(Entries supplied):
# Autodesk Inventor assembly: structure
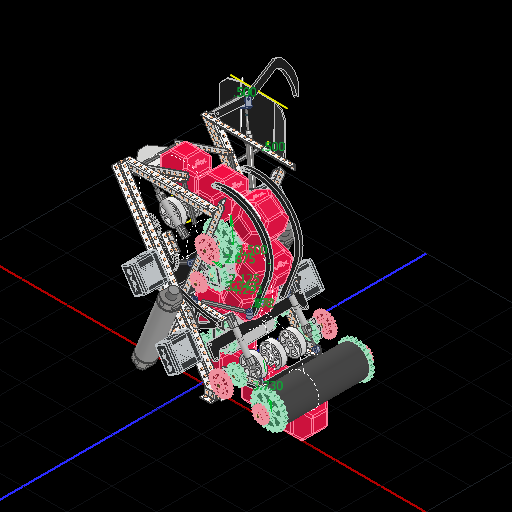
[picture p0: Inventor's stored thumbnail of the model, 512x512]
Saved by Autodesk Inventor 2025.2 (Build 292293000, 293)
## iProperties
Created: 2026-01-02
Part Number: structure
Document SubType Name: Assembly
Designer: cloudy
Author: cloudy
## Documents named in this file (50)
- C:\Users\cloudy\Documents\AURA_CAD\24\structure.iam
- C:\Users\cloudy\Documents\AURA_CAD\!lib\Electronics\V5 Simple Brain.ipt
- C:\Users\cloudy\Documents\AURA_CAD\!lib\Motion\Sprockets\9P Sprocket\9P 24T Sprocket, Square.iam
- C:\Users\cloudy\Documents\AURA_CAD\!lib\Motion\Wheels\Flex Wheels\2.000 Flex Wheel\2.000 30A .500.ipt
- C:\Users\cloudy\Documents\AURA_CAD\!lib\Structure\C Channel\Aluminum 1x3x1 Half\Alu C Half 1x3x1x7.ipt
- C:\Users\cloudy\Documents\AURA_CAD\15\30 stroke 10 bore\CJ2D10-30Z(0_0).iam
- C:\Users\cloudy\Documents\AURA_CAD\!lib\Motion\Shaft LS\Shaft Collar Metal\Shaft Collar No Screw.iam
- C:\Users\cloudy\Documents\AURA_CAD\!lib\Motion\Sprockets\9P Sprocket\9P 24T Sprocket, Circle.iam
- C:\Users\cloudy\Documents\AURA_CAD\!lib\Structure\C Channel\Aluminum 1x3x1 Half\Alu C Half 1x3x1x2.ipt
- C:\Users\cloudy\Documents\AURA_CAD\!lib\Structure\C Channel\Aluminum 1x3x1 Half Thick Cut\Alu C Half Thick 1x3x1x29.ipt
- C:\Users\cloudy\Documents\AURA_CAD\!lib\Structure\C Channel\Aluminum 1x2x1\Alu C 1x2x1x33.ipt
- C:\Users\cloudy\Documents\AURA_CAD\!lib\Structure\C Channel\Aluminum 1x3x1 Half\Alu C Half 1x3x1x11.ipt
- C:\Users\cloudy\Documents\AURA_CAD\!lib\Structure\C Channel\Aluminum 1x3x1 Half\Alu C Half 1x3x1x16.ipt
- C:\Users\cloudy\Documents\AURA_CAD\!lib\Structure\C Channel\Aluminum 1x3x1 Half\Alu C Half 1x3x1x15.ipt
- C:\Users\cloudy\Documents\AURA_CAD\24\centralbrace.ipt
- C:\Users\cloudy\Documents\AURA_CAD\!lib\Structure\Standoff\Standoff 1.00.ipt
- C:\Users\cloudy\Documents\AURA_CAD\!lib\Motion\Shaft LS\LS Pillow Bearing Block.ipt
- C:\Users\cloudy\Documents\AURA_CAD\!lib\Electronics\Motors with Screws\SteelM-StarS.iam
- C:\Users\cloudy\Documents\AURA_CAD\24\24t.ipt
- C:\Users\cloudy\Documents\AURA_CAD\24\40t.ipt
- C:\Users\cloudy\Documents\AURA_CAD\!lib\Motion\Insert Square.ipt
- C:\Users\cloudy\Documents\AURA_CAD\24\backalignermidgoal.ipt
- C:\Users\cloudy\Documents\AURA_CAD\!lib\Structure\Standoff\Standoff 3.00.ipt
- C:\Users\cloudy\Documents\AURA_CAD\!lib\Motion\Sprockets\9P Sprocket\9P 12T Sprocket, Circle.iam
- C:\Users\cloudy\Documents\AURA_CAD\!lib\Motion\Sprockets\6P Sprocket\6P 16T Sprocket, Circle.iam
- C:\Users\cloudy\Documents\AURA_CAD\!lib\Motion\Sprockets\6P Sprocket\6P 24T Sprocket, Circle.iam
- C:\Users\cloudy\Documents\AURA_CAD\!lib\Motion\Pneumatics\Legacy - SMC Pneumatics\Reservoir.ipt
- C:\Users\cloudy\Documents\AURA_CAD\24\roller 18t.iam
- C:\Users\cloudy\Documents\AURA_CAD\!lib\Game Objects\Push Back\cube.ipt
- C:\Users\cloudy\Documents\AURA_CAD\24\front rails.ipt
- C:\Users\cloudy\Documents\AURA_CAD\!lib\Structure\Standoff\Standoff .875.ipt
- C:\Users\cloudy\Documents\AURA_CAD\15\25 stroke 10 bore\CJ2D10-25Z(0_0).iam
- C:\Users\cloudy\Documents\AURA_CAD\!lib\Structure\C Channel\Aluminum 1x3x1 Half\Alu C Half 1x3x1x10.ipt
- C:\Users\cloudy\Documents\AURA_CAD\!lib\Structure\C Channel\Aluminum 1x3x1 Half\Alu C Half 1x3x1x3.ipt
- C:\Users\cloudy\Documents\AURA_CAD\24\hood.ipt
- C:\Users\cloudy\Documents\AURA_CAD\24\28t.ipt
- C:\Users\cloudy\Documents\AURA_CAD\24\42t.ipt
- C:\Users\cloudy\Documents\AURA_CAD\!lib\Motion\Pneumatics\Legacy - SMC Pneumatics\Double Acting Piston.iam
- C:\Users\cloudy\Documents\AURA_CAD\!lib\Motion\Pneumatics\Legacy - SMC Pneumatics\Cylinder Mount.ipt
- C:\Users\cloudy\Documents\AURA_CAD\24\wing.ipt
- C:\Users\cloudy\Documents\AURA_CAD\24\aligner.ipt
- C:\Users\cloudy\Documents\AURA_CAD\24\intakeroller.ipt
- C:\Users\cloudy\Documents\AURA_CAD\24\parkbrake.ipt
- C:\Users\cloudy\Documents\AURA_CAD\!lib\Motion\Wheels\Flex Wheels\2.000 Flex Wheel.ipt
- C:\Users\cloudy\Documents\AURA_CAD\!lib\Structure\Standoff.ipt
- C:\Users\cloudy\Documents\AURA_CAD\!lib\Electronics\Motors with Screws.iam
- C:\Users\cloudy\Documents\AURA_CAD\!lib\Motion\Shaft LS\Shaft Collar Metal.iam
- C:\Users\cloudy\Documents\AURA_CAD\!lib\Motion\Sprockets\9P Sprocket.iam
- C:\Users\cloudy\Documents\AURA_CAD\!lib\Motion\Sprockets\6P Sprocket.iam
- C:\Users\cloudy\Documents\AURA_CAD\24\Drivetrain\Wheels\Traction\brace.ipt
## Components (123 placed, 43 different names)
1. V5 Simple Brain:1 — Insert:17, Insert:18
2. 2.000 30A .500:2 — Insert:87
3. Alu C Half 1x3x1x7:1 — Insert:23, Mate:25, Insert:138, Flush:7
4. CJ2D10-30Z(0_0):1 [sub-assembly] — Insert:137, Mate:68
5. Alu C Half 1x3x1x2:5 — Insert:14
6. Alu C Half 1x3x1x2:6 — Insert:13
7. Alu C 1x2x1x33:1 — Insert:11, Insert:25, Insert:34, Insert:35, Insert:40, Insert:43, Insert:44, Mate:16, Insert:65, Insert:82, Insert:90, Mate:36, Mate:77, Insert:149, Mate:78, Insert:176, Mate:87, Insert:178, Mate:89
8. Alu C 1x2x1x33:2 — Insert:10, Insert:21, Insert:23, Insert:63, Insert:64, Insert:81, Insert:89, Mate:34, Insert:91, Mate:35, Mate:42, Insert:157, Insert:168, Insert:169, Insert:174, Insert:175, Insert:177, Mate:88
9. Alu C Half 1x3x1x2:7 — Insert:10
10. Alu C Half 1x3x1x2:8 — Insert:11
11. Alu C Half 1x3x1x11:1 — Insert:15, Insert:16, Insert:17, Insert:18
12. Alu C Half Thick 1x3x1x29:1 — Insert:13, Insert:15, Mate:9, Insert:49, Insert:102, Mate:38, Insert:109, Insert:110, Insert:147
13. Alu C Half Thick 1x3x1x29:2 — Insert:14, Insert:16, Mate:7, Insert:57, Insert:59, Insert:67, Mate:26, Insert:105, Insert:106
14. centralbrace:1 — Insert:21, Mate:7, Insert:46, Mate:18
15. centralbrace:2 — Insert:25, Mate:9, Insert:47, Mate:19
16. LS Pillow Bearing Block:1 — Insert:107, Insert:108, Insert:161
17. LS Pillow Bearing Block:2 — Insert:103, Insert:104, Insert:113, Insert:158
18. Standoff 1.00:5 — Insert:34
19. Standoff 1.00:6 — Insert:35
20. LS Pillow Bearing Block:3 — Insert:77, Insert:95
21. SteelM-StarS:3 [sub-assembly] — Insert:44, Mate:16
22. 24t:1 — Insert:38, Insert:39, Angle:1
23. 40t:1 — Insert:41, Insert:42, Angle:2
24. Insert Square:1 — Flush:2, Insert:42, Angle:2, Insert:43
25. Insert Square:2 — Flush:1, Insert:39, Insert:88
26. Insert Square:3 — Flush:1, Insert:38, Angle:1, Insert:40
27. Insert Square:4 — Flush:2, Insert:41
28. Alu C Half 1x3x1x15:1 — Insert:46, Mate:18, Insert:126, Insert:133
29. Alu C Half 1x3x1x15:2 — Insert:47, Mate:19, Flush:3, Mate:67, Mate:43, Insert:129
30. backalignermidgoal:1 — Flush:3, Insert:48, Insert:56, Insert:126, Mate:43
31. Shaft Collar No Screw:1 [sub-assembly] — Insert:48, Insert:51
32. Shaft Collar No Screw:2 [sub-assembly] — Insert:49, Insert:50
33. Shaft Collar No Screw:3 [sub-assembly] — Insert:50, Insert:52
34. Shaft Collar No Screw:4 [sub-assembly] — Insert:51, Mate:20
35. Standoff 3.00:7 — Insert:52, Mate:20
36. Shaft Collar No Screw:5 [sub-assembly] — Insert:56
37. Shaft Collar No Screw:6 [sub-assembly] — Insert:57
38. Shaft Collar No Screw:7 [sub-assembly] — Insert:58
39. Shaft Collar No Screw:8 [sub-assembly] — Mate:21
40. Standoff 3.00:8 — Insert:58, Mate:21
41. Alu C Half 1x3x1x16:2 — Insert:59, Mate:42
42. 9P 24T Sprocket, Circle:5 [sub-assembly] — Mate:31, Insert:93, Mate:85
43. 9P 24T Sprocket, Circle:6 [sub-assembly] — Mate:31, Insert:92, Mate:86
44. Standoff 1.00:9 — Insert:63
45. Standoff 1.00:10 — Insert:64
46. LS Pillow Bearing Block:4 — Insert:80, Insert:94
47. Alu C Half 1x3x1x7:2 — Insert:65, Mate:25, Insert:140
48. CJ2D10-30Z(0_0):2 [sub-assembly] — Mate:67, Insert:139, Mate:68
49. LS Pillow Bearing Block:5 — Insert:67, Mate:26
50. LS Pillow Bearing Block:6 — Insert:75, Insert:102, Mate:38, Insert:162
51. 9P 24T Sprocket, Square:9 [sub-assembly] — Insert:74, Insert:75
52. 9P 24T Sprocket, Square:10 [sub-assembly] — Insert:74
53. 2.000 30A .500:3 — Insert:83, Mate:39
54. 2.000 30A .500:4 — Insert:83, Insert:115
55. 9P 12T Sprocket, Circle:15 [sub-assembly] — Insert:82
56. 9P 12T Sprocket, Circle:16 [sub-assembly] — Insert:81, Insert:114
57. 6P 24T Sprocket, Circle:2 [sub-assembly] — Insert:77, Flush:6
58. 6P 24T Sprocket, Circle:3 [sub-assembly] — Insert:80, Flush:5
59. 2.000 30A .500:5 — Insert:86, Insert:87, Insert:88
60. 2.000 30A .500:6 — Insert:86
61. SteelM-StarS:6 [sub-assembly] — Insert:89, Mate:34
62. SteelM-StarS:7 [sub-assembly] — Insert:91, Mate:35
63. SteelM-StarS:8 [sub-assembly] — Insert:90, Mate:36
64. 9P 12T Sprocket, Circle:17 [sub-assembly] — Insert:94
65. 9P 12T Sprocket, Circle:18 [sub-assembly] — Insert:95, Mate:39
66. 6P 16T Sprocket, Circle:5 [sub-assembly] — Insert:93, Flush:6
67. 6P 16T Sprocket, Circle:6 [sub-assembly] — Insert:92, Flush:5
68. Reservoir:1
69. Reservoir:2
70. Standoff .875:11 — Insert:103, Insert:105
71. Standoff .875:12 — Insert:108, Insert:109
72. Standoff .875:13 — Insert:107, Insert:110
73. Standoff .875:14 — Insert:104, Insert:106
74. roller 18t:1 [sub-assembly] — Insert:114
75. roller 18t:2 [sub-assembly] — Insert:113
76. 2.000 30A .500:7 — Insert:115
77. cube:2
78. cube:3
79. cube:4
80. cube:5
81. cube:6
82. cube:7
83. cube:8
84. cube:9
85. cube:10
86. front rails:1 — Mate:44, Mate:46, Insert:130
87. front rails:2 — Mate:44, Mate:46, Insert:134
88. Shaft Collar No Screw:9 [sub-assembly] — Insert:130
89. Shaft Collar No Screw:10 [sub-assembly]
90. Shaft Collar No Screw:11 [sub-assembly] — Insert:129, Insert:135
91. Standoff 3.00:15 — Insert:135
92. Shaft Collar No Screw:12 [sub-assembly] — Insert:134
93. Shaft Collar No Screw:13 [sub-assembly]
94. Shaft Collar No Screw:14 [sub-assembly] — Insert:133, Mate:48, Insert:136
95. Standoff 3.00:16 — Mate:48, Insert:136
96. Shaft Collar No Screw:15 [sub-assembly] — Insert:137, Insert:138
97. Shaft Collar No Screw:16 [sub-assembly] — Insert:139, Insert:140
98. Shaft Collar No Screw:19 [sub-assembly]
99. CJ2D10-25Z(0_0):3 [sub-assembly] — Insert:145, Insert:150
100. Shaft Collar No Screw:21 [sub-assembly] — Insert:145, Mate:80
101. Alu C Half 1x3x1x16:3 — Insert:147, Mate:77, Insert:152
102. Alu C Half 1x3x1x3:1 — Insert:149, Mate:78, Insert:150
103. hood:1 — Insert:151, Mate:79, Insert:153, Mate:81
104. Standoff 3.00:17 — Insert:154
105. Alu C Half 1x3x1x10:1 — Insert:151, Mate:79, Mate:80, Insert:152, Insert:154, Insert:155
106. Alu C Half 1x3x1x10:2 — Insert:153, Mate:81, Insert:156
107. Standoff 3.00:18 — Insert:155
108. Standoff 3.00:19 — Insert:156
109. 28t:1 — Insert:158
110. 42t:1 — Insert:157
111. 6P 24T Sprocket, Circle:7 [sub-assembly] — Insert:162
112. 6P 16T Sprocket, Circle:10 [sub-assembly] — Insert:161
113. Double Acting Piston:1 [sub-assembly] — Insert:167, Insert:168
114. Cylinder Mount:1 — Insert:167, Mate:82
115. wing:1 — Insert:169, Mate:82
116. Standoff 3.00:22 — Insert:175
117. Standoff 3.00:23 — Insert:174
118. aligner:2
119. intakeroller:1 — Mate:85, Mate:86
120. Alu C Half 1x3x1x3:2 — Insert:176, Mate:87
121. Alu C Half 1x3x1x3:3 — Insert:177, Mate:88
122. parkbrake:1 — Flush:7
123. brace:1 — Insert:178, Mate:89
## Relationships (151: Insert 106, Mate 37, Flush 6, Angle 2)
- Insert:10 (12.7 mm): Alu C 1x2x1x33:2 ↔ Alu C Half 1x3x1x2:7
- Insert:11 (12.7 mm): Alu C 1x2x1x33:1 ↔ Alu C Half 1x3x1x2:8
- Insert:13: Alu C Half 1x3x1x2:6 ↔ Alu C Half Thick 1x3x1x29:1
- Insert:14: Alu C Half 1x3x1x2:5 ↔ Alu C Half Thick 1x3x1x29:2
- Insert:15: Alu C Half 1x3x1x11:1 ↔ Alu C Half Thick 1x3x1x29:1
- Insert:16: Alu C Half 1x3x1x11:1 ↔ Alu C Half Thick 1x3x1x29:2
- Insert:17 (3.175 mm): V5 Simple Brain:1 ↔ Alu C Half 1x3x1x11:1
- Insert:18 (3.175 mm): V5 Simple Brain:1 ↔ Alu C Half 1x3x1x11:1
- Insert:21: Alu C 1x2x1x33:2 ↔ centralbrace:1
- Mate:7: Alu C Half Thick 1x3x1x29:2 ↔ centralbrace:1
- Insert:23 (25.4 mm): Alu C Half 1x3x1x7:1 ↔ Alu C 1x2x1x33:2
- Insert:25: Alu C 1x2x1x33:1 ↔ centralbrace:2
- Mate:9: Alu C Half Thick 1x3x1x29:1 ↔ centralbrace:2
- [Insert]: Standoff 1.00:6 ↔ LS Pillow Bearing Block:3
- [Mate]: Standoff 1.00:5 ↔ LS Pillow Bearing Block:3
- Insert:34: Alu C 1x2x1x33:1 ↔ Standoff 1.00:5
- Insert:35: Alu C 1x2x1x33:1 ↔ Standoff 1.00:6
- Flush:1: Insert Square:2 ↔ Insert Square:3
- Insert:38: 24t:1 ↔ Insert Square:3
- Insert:39: 24t:1 ↔ Insert Square:2
- Angle:1 (0 deg): 24t:1 ↔ Insert Square:3
- Insert:40: Alu C 1x2x1x33:1 ↔ Insert Square:3
- Flush:2: Insert Square:1 ↔ Insert Square:4
- Insert:41: 40t:1 ↔ Insert Square:4
- Insert:42: 40t:1 ↔ Insert Square:1
- Angle:2 (0 deg): 40t:1 ↔ Insert Square:1
- Insert:43: Alu C 1x2x1x33:1 ↔ Insert Square:1
- Insert:44: Alu C 1x2x1x33:1 ↔ SteelM-StarS:3
- Mate:16: Alu C 1x2x1x33:1 ↔ SteelM-StarS:3
- Insert:46: centralbrace:1 ↔ Alu C Half 1x3x1x15:1
- Mate:18: centralbrace:1 ↔ Alu C Half 1x3x1x15:1
- Insert:47: centralbrace:2 ↔ Alu C Half 1x3x1x15:2
- Mate:19: centralbrace:2 ↔ Alu C Half 1x3x1x15:2
- Flush:3: Alu C Half 1x3x1x15:2 ↔ backalignermidgoal:1
- Insert:48: backalignermidgoal:1 ↔ Shaft Collar No Screw:1
- Insert:49: Alu C Half Thick 1x3x1x29:1 ↔ Shaft Collar No Screw:2
- Insert:50: Shaft Collar No Screw:2 ↔ Shaft Collar No Screw:3
- Insert:51: Shaft Collar No Screw:1 ↔ Shaft Collar No Screw:4
- Insert:52: Shaft Collar No Screw:3 ↔ Standoff 3.00:7
- Mate:20: Shaft Collar No Screw:4 ↔ Standoff 3.00:7
- [Insert]: Shaft Collar No Screw:6 ↔ Shaft Collar No Screw:7
- [Insert]: Shaft Collar No Screw:5 ↔ Shaft Collar No Screw:8
- Insert:56: backalignermidgoal:1 ↔ Shaft Collar No Screw:5
- Insert:57: Alu C Half Thick 1x3x1x29:2 ↔ Shaft Collar No Screw:6
- Insert:58: Shaft Collar No Screw:7 ↔ Standoff 3.00:8
- Mate:21: Shaft Collar No Screw:8 ↔ Standoff 3.00:8
- Insert:59 (22.225 mm): Alu C Half Thick 1x3x1x29:2 ↔ Alu C Half 1x3x1x16:2
- [Insert]: Standoff 1.00:10 ↔ LS Pillow Bearing Block:4
- [Mate]: Standoff 1.00:9 ↔ LS Pillow Bearing Block:4
- Insert:63: Alu C 1x2x1x33:2 ↔ Standoff 1.00:9
- Insert:64: Alu C 1x2x1x33:2 ↔ Standoff 1.00:10
- Insert:65 (25.4 mm): Alu C 1x2x1x33:1 ↔ Alu C Half 1x3x1x7:2
- Mate:25: Alu C Half 1x3x1x7:1 ↔ Alu C Half 1x3x1x7:2
- Mate:67: Alu C Half 1x3x1x15:2 ↔ CJ2D10-30Z(0_0):2
- Insert:67 (12.7 mm): Alu C Half Thick 1x3x1x29:2 ↔ LS Pillow Bearing Block:5
- Mate:26: Alu C Half Thick 1x3x1x29:2 ↔ LS Pillow Bearing Block:5
- Insert:74 (82.55 mm): 9P 24T Sprocket, Square:9 ↔ 9P 24T Sprocket, Square:10
- Insert:75 (6.35 mm): LS Pillow Bearing Block:6 ↔ 9P 24T Sprocket, Square:9
- Insert:77 (6.35 mm): LS Pillow Bearing Block:3 ↔ 6P 24T Sprocket, Circle:2
- Insert:80 (6.35 mm): LS Pillow Bearing Block:4 ↔ 6P 24T Sprocket, Circle:3
- Insert:81 (4.7625 mm): Alu C 1x2x1x33:2 ↔ 9P 12T Sprocket, Circle:16
- Insert:82 (4.7625 mm): Alu C 1x2x1x33:1 ↔ 9P 12T Sprocket, Circle:15
- Insert:83 (31.75 mm): 2.000 30A .500:3 ↔ 2.000 30A .500:4
- Insert:86 (69.85 mm): 2.000 30A .500:5 ↔ 2.000 30A .500:6
- Insert:87 (28.575 mm): 2.000 30A .500:2 ↔ 2.000 30A .500:5
- Insert:88 (36.449 mm): Insert Square:2 ↔ 2.000 30A .500:5
- Mate:31: 9P 24T Sprocket, Circle:5 ↔ 9P 24T Sprocket, Circle:6
- Insert:89: Alu C 1x2x1x33:2 ↔ SteelM-StarS:6
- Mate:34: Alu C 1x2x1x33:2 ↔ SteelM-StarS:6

(Exercise directions): A single integer is the expected output: the number of lines in the data that include the word "Piston".

(Answer to this exercise): 2